The spatiotemporal organization of neuronal population activity is critical for hippocampus-dependent learning & memory. However, the molecular mechanisms underlying the coordination of CA1 neuronal activity and their task-related dynamics remain unclear. Here, we investigate the role of cAMP (adenosine 3′,5′-cyclic monophosphate) signaling to regulate CA1 neuronal activity during hippocampusdependent spatial learning & memory by cAMP manipulation and fiber-based calcium imaging in freely-behaving mice. cAMP is a ubiquitous secondary messenger that mediates sensory transduction and neuromodulation.

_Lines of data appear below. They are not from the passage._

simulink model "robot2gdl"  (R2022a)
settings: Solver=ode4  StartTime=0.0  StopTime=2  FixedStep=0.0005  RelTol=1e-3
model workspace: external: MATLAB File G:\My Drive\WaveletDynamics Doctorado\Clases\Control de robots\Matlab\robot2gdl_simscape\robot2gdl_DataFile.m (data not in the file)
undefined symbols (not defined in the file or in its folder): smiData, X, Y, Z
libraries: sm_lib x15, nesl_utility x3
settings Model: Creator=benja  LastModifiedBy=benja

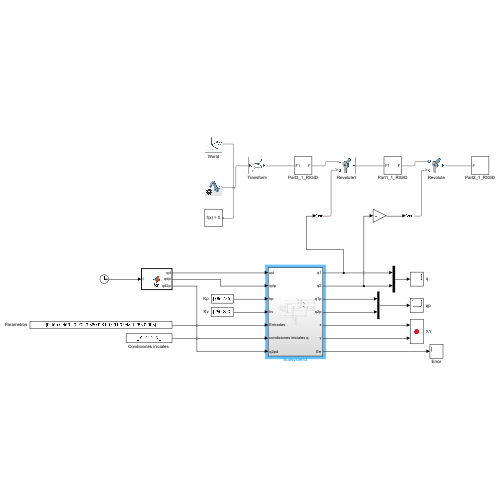
[thumbnail: Simulink's stored preview of the top-level diagram]
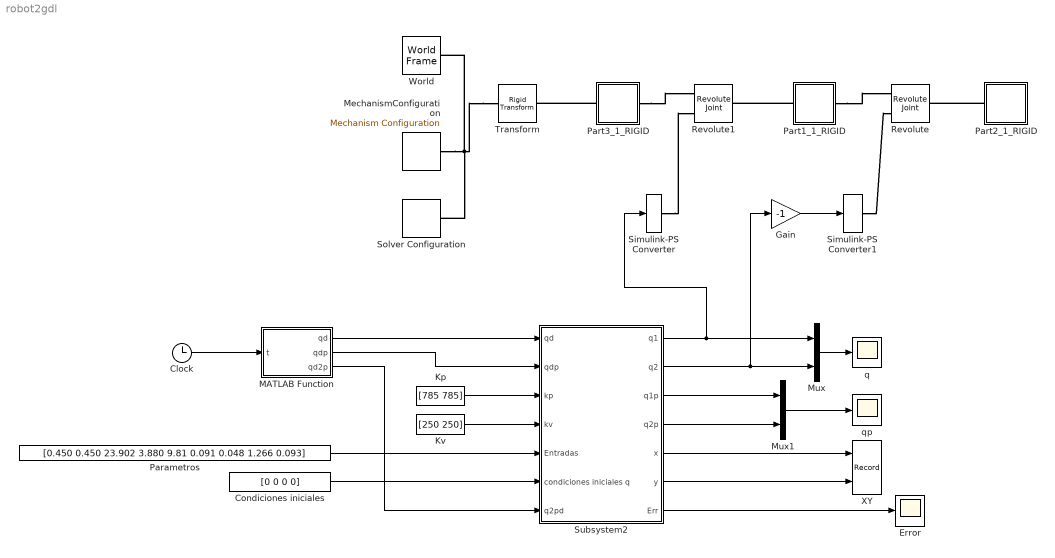
== system robot2gdl ==
  Clock : Clock
  "Condiciones iniciales " : Constant  Value=[0 0 0 0]
  Error : Scope
  Gain : Gain  Gain=-1
  Kp : Constant  Value=[785 785]
  Kv : Constant  Value=[250 250]
  MATLAB Function : MATLAB Function  TreatAsAtomicUnit=on
  MechanismConfiguration : sm_lib/Utilities/Mechanism Configuration  UniformGravity=Constant  GravityVector=[0 -9.80665 0]  GravityUnits=m/s^2  LinearizationDelta=0.001  JointModeTransitionNonlinearIterations=2
  Mux : Mux  Inputs=2
  Mux1 : Mux  Inputs=2
  Parametros : Constant  Value=[0.450 0.450 23.902 3.880 9.81 0.091 0.048 1.266 0.093]
  Part1_1_RIGID : Subsystem
  Part2_1_RIGID : Subsystem
  Part3_1_RIGID : Subsystem
  Revolute : sm_lib/Joints/Revolute Joint  JointMode=Normal  SenseConstraintForce=off  SenseConstraintForceX=off  SenseConstraintForceY=off  SenseConstraintForceZ=off  SenseConstraintTorque=off  SenseConstraintTorqueX=off  SenseConstraintTorqueY=off  SenseConstraintTorqueZ=off  SenseTotalForce=off  SenseTotalForceX=off  SenseTotalForceY=off  SenseTotalForceZ=off  SenseTotalTorque=off  SenseTotalTorqueX=off  SenseTotalTorqueY=off  SenseTotalTorqueZ=off  CompositeWrenchDir=FollowerOnBase  CompositeWrenchFrame=FollowerFrame  EquilibriumPosition=0  EquilibriumPositionUnits=deg  SpringStiffness=0  SpringStiffnessUnits=N*m/deg  DampingCoefficient=0  DampingCoefficientUnits=N*m/(deg/s)  TorqueActuationMode=ComputedTorque  MotionActuationMode=InputMotion  SensePosition=off  SenseVelocity=off  SenseAcceleration=off  SenseTorqueForce=off  SenseLowerLimitTorqueForce=off  SenseUpperLimitTorqueForce=off  LowerLimitSpecify=off  LowerLimitBound=-90  LowerLimitBoundUnits=deg  LowerLimitStiffness=1e4  LowerLimitStiffnessUnits=N*m/deg  LowerLimitDamping=10  LowerLimitDampingUnits=N*m/(deg/s)  LowerLimitTransitionRegionWidth=0.1  LowerLimitTransitionRegionWidthUnits=deg  UpperLimitSpecify=off  UpperLimitBound=90  UpperLimitBoundUnits=deg  UpperLimitStiffness=1e4  UpperLimitStiffnessUnits=N*m/deg  UpperLimitDamping=10  UpperLimitDampingUnits=N*m/(deg/s)  UpperLimitTransitionRegionWidth=0.1  UpperLimitTransitionRegionWidthUnits=deg  PositionTargetSpecify=on  PositionTargetPriority=Low  PositionTargetValue=smiData.RevoluteJoint(1).Rz.Pos  PositionTargetValueUnits=deg  VelocityTargetSpecify=off  VelocityTargetPriority=High  VelocityTargetValue=0  VelocityTargetValueUnits=deg/s
  Revolute1 : sm_lib/Joints/Revolute Joint  JointMode=Normal  SenseConstraintForce=off  SenseConstraintForceX=off  SenseConstraintForceY=off  SenseConstraintForceZ=off  SenseConstraintTorque=off  SenseConstraintTorqueX=off  SenseConstraintTorqueY=off  SenseConstraintTorqueZ=off  SenseTotalForce=off  SenseTotalForceX=off  SenseTotalForceY=off  SenseTotalForceZ=off  SenseTotalTorque=off  SenseTotalTorqueX=off  SenseTotalTorqueY=off  SenseTotalTorqueZ=off  CompositeWrenchDir=FollowerOnBase  CompositeWrenchFrame=BaseFrame  EquilibriumPosition=0  EquilibriumPositionUnits=deg  SpringStiffness=0  SpringStiffnessUnits=N*m/deg  DampingCoefficient=0  DampingCoefficientUnits=N*m/(deg/s)  TorqueActuationMode=ComputedTorque  MotionActuationMode=InputMotion  SensePosition=off  SenseVelocity=off  SenseAcceleration=off  SenseTorqueForce=off  SenseLowerLimitTorqueForce=off  SenseUpperLimitTorqueForce=off  LowerLimitSpecify=off  LowerLimitBound=-90  LowerLimitBoundUnits=deg  LowerLimitStiffness=1e4  LowerLimitStiffnessUnits=N*m/deg  LowerLimitDamping=10  LowerLimitDampingUnits=N*m/(deg/s)  LowerLimitTransitionRegionWidth=0.1  LowerLimitTransitionRegionWidthUnits=deg  UpperLimitSpecify=off  UpperLimitBound=90  UpperLimitBoundUnits=deg  UpperLimitStiffness=1e4  UpperLimitStiffnessUnits=N*m/deg  UpperLimitDamping=10  UpperLimitDampingUnits=N*m/(deg/s)  UpperLimitTransitionRegionWidth=0.1  UpperLimitTransitionRegionWidthUnits=deg  PositionTargetSpecify=on  PositionTargetPriority=Low  PositionTargetValue=smiData.RevoluteJoint(2).Rz.Pos  PositionTargetValueUnits=deg  VelocityTargetSpecify=off  VelocityTargetPriority=High  VelocityTargetValue=0  VelocityTargetValueUnits=deg/s
  Simulink-PS Converter : nesl_utility/Simulink-PS Converter  PhysicalDomain=network_engine_domain  SubClassName=ps_input  LeftPortType=input  RightPortType=output  PseudoPeriodic=off  Frequencies=[]  NoiseDistribution=none  NoiseParameters=[]  Unit=1  AffineConversion=off  FilteringAndDerivatives=filter  SimscapeFilterOrder=2  InputFilterTimeConstant=0.001  UdotUserProvided=0
      settings: SourceProductBaseCode=SS,PW,VE
  Simulink-PS Converter1 : nesl_utility/Simulink-PS Converter  PhysicalDomain=network_engine_domain  SubClassName=ps_input  LeftPortType=input  RightPortType=output  PseudoPeriodic=off  Frequencies=[]  NoiseDistribution=none  NoiseParameters=[]  Unit=1  AffineConversion=off  FilteringAndDerivatives=filter  SimscapeFilterOrder=2  InputFilterTimeConstant=0.001  UdotUserProvided=0
      settings: SourceProductBaseCode=SS,PW,VE
  Solver Configuration : nesl_utility/Solver Configuration  PhysicalDomain=network_engine_domain  SubClassName=solver  LeftPortType=input  RightPortType=generic  Tones=[]  Harmonics=[]  SimulateNoise=off  Profile=off  UseLocalSampling=off  EnableSwitchedLinearOptims=on  FrequencyDomain=off  UseCCode=off  RelTol=0.001  AbsTol=0.001  MinStep=1e-09  ToWorkspace=off  RevertToSquareIcSolve=off  NumHomotopyIterations=100  PhasorMode=off  PhasorModeNumHarmonics=1  IndexReductionMethod=DerivativeReplacement  DoDC=off  ResidualTolerance=1e-09  UseLocalSolver=off  LocalSolverChoice=NE_BACKWARD_EULER_ADVANCER  LocalSolverSampleTime=0.001  DoFixedCost=off  MaxNonlinIter=3  MaxModeIter=2  ComputeImpulses=off  ImpulseIterations=2  LinearAlgebra=auto  LinearAlgebraNumThread=0  EquationFormulation=NE_TIME_EF  DelaysMemoryBudget=1024  AutomaticFiltering=on  FilteringTimeConstant=0.001  PartitionStorageMethod=AS_NEEDED  PartitionMemoryBudget=1024  PartitionMethod=ROBUST
      settings: SourceProductBaseCode=SS,PW,VE
  Subsystem2 : Subsystem
  Transform : sm_lib/Frames and Transforms/Rigid Transform  TranslationMethod=Cartesian  TranslationStandardOffset=0  TranslationLengthUnit=mm  TranslationStandardAxis=+Z  TranslationCartesianOffset=smiData.RigidTransform(5).translation  TranslationROffset=0  TranslationROffsetUnits=m  TranslationZOffset=0  TranslationZOffsetUnits=m  TranslationThetaOffset=0  TranslationThetaOffsetUnits=deg  RotationMethod=ArbitraryAxis  RotationAngleUnits=rad  RotationStandardAxis=+Z  RotationAngle=smiData.RigidTransform(5).angle  RotationArbitraryAxis=smiData.RigidTransform(5).axis  FollAlignAxisA=+X  BaseAlignAxisA=+Y  FollAlignAxisB=+Y  BaseAlignAxisB=+Z  RotationSequenceAxes=FollowerAxes  RotationSequence=XYX  RotationSequenceAngles=[0 0 0]  RotationSequenceAnglesUnits=deg  RotationMatrix=[1 0 0; 0 1 0; 0 0 1]
  World : sm_lib/Frames and Transforms/World Frame
  XY : Record  FileSettingsInternal="{\"entries\":[{\"content\":{\"excelSettings\":{\"content\":{},\"type\":\"Streamout.ExcelSettings\"}},\"type\":\"Streamout.FileSettingStorage\",\"uuid\":\"a6f36b09-9445-4890-9c93-af0a9eab5696\"}],\"packageUris\":[\"http://schema.mathworks.com/mf0/streamout_blocks/R2020a\"],\"version\":\"1.0\"}"  Layout=[1 1]  SignalsInternal="{\"entries\":[{\"content\":{\"signals\":[{\"content\":{\"blockPath\":[\"robot2gdl/XY\"],\"channel\":[],\"dimensions\":[1],\"domain\":\"robot2gdl/XY\",\"lineColor\":\"#a2142f\",\"plots\":[1],\"port\":1,\"sid\":[\"\"],\"signalID\":10427,\"signalName\":\"Subsystem2:5\"},\"type\":\"RecordBlkView.Signal\",\"uuid\":\"30b602e6-a53c-4094-bf3a-b6b60ad22952\"},{\"content\":{\"blockPath\":[\"robot2gdl/XY\"],\"channel\":[],\"dimensions\":[1],\"domain\":\"robot2gdl/XY\",\"lineColor\":\"#139fff\",\"plots\":[1],\"port\":2,\"sid\":[\"\"],\"signalID\":10431,\"signalName\":\"Subsystem2:6\"},\"type\":\"RecordBlkView.Signal\",\"uuid\":\"4b790ca9-d91a-4c1f-891e-f566b0ffab8b\"}]},\"type\":\"RecordBlkView.InputSignals\",\"uuid\":\"1502a7cf-7cc3-4dc5-9aef-b574025ab8ab\"}],\"packageUris\":[\"http://schema.mathworks.com/mf0/streamout_blocks/R2020a\"],\"version\":\"1.0\"}"  VisualizationBindings="{\"xyplotplugin\":{\"info\":[{\"series\":[{\"bindingParametersList\":[{\"parameter\":\"X-Axis\",\"signalID\":10427,\"signalName\":\"Subsystem2:5\"},{\"parameter\":\"Y-Axis\",\"signalID\":10431,\"signalName\":\"Subsystem2:6\"}],\"seriesID\":22677}],\"subplotID\":1}]}}"  CompatibilityTag=XY  st=-1
  q : Scope
  qp : Scope
  wires:
  "Condiciones iniciales "/1 -> Subsystem2/6(condiciones iniciales q)
  Subsystem2/5(x) -> XY/1
  Subsystem2/6(y) -> XY/2
  Subsystem2/7(Err) -> Error/1
  Mux/1 -> q/1
  Parametros/1 -> Subsystem2/5(Entradas)
  Mux1/1 -> qp/1
  Kp/1 -> Subsystem2/3(kp)
  Subsystem2/4(q2p) -> Mux1/2
  Subsystem2/3(q1p) -> Mux1/1
  Kv/1 -> Subsystem2/4(kv)
  MATLAB Function/1(qd) -> Subsystem2/1(qd)
  Subsystem2/1(q1) -> Mux/1, Simulink-PS Converter/1
  Subsystem2/2(q2) -> Gain/1, Mux/2
  Gain/1 -> Simulink-PS Converter1/1
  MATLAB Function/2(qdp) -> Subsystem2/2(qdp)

We previously reported a rapid cAMP function to enhance the spatial propagation of depolarizing field potentials across murine hippocampal slices, suggesting cAMP may serve to enhance neuronal population activity for memory. To characterize the role of cAMP for hippocampusdependent spatial learning & memory, we virally expressed the light-sensitive enzyme PAC (Photoactivatable Adenylyl Cyclase) or constitutively active enzyme PDE4cat (Phosphodiesterase 4) in CA1 neurons in freely-behaving mice for cAMP enhancement or suppression, respectively, during the object location test (OLT) and contextual fear conditioning (CFC) test. In the OLT, we observe that cAMP suppression results in a significant memory deficit while cAMP enhancement during training (but not testing) promotes the displaced object preference, indicating a cAMP function critical for encoding of short-term spatial recognition memory.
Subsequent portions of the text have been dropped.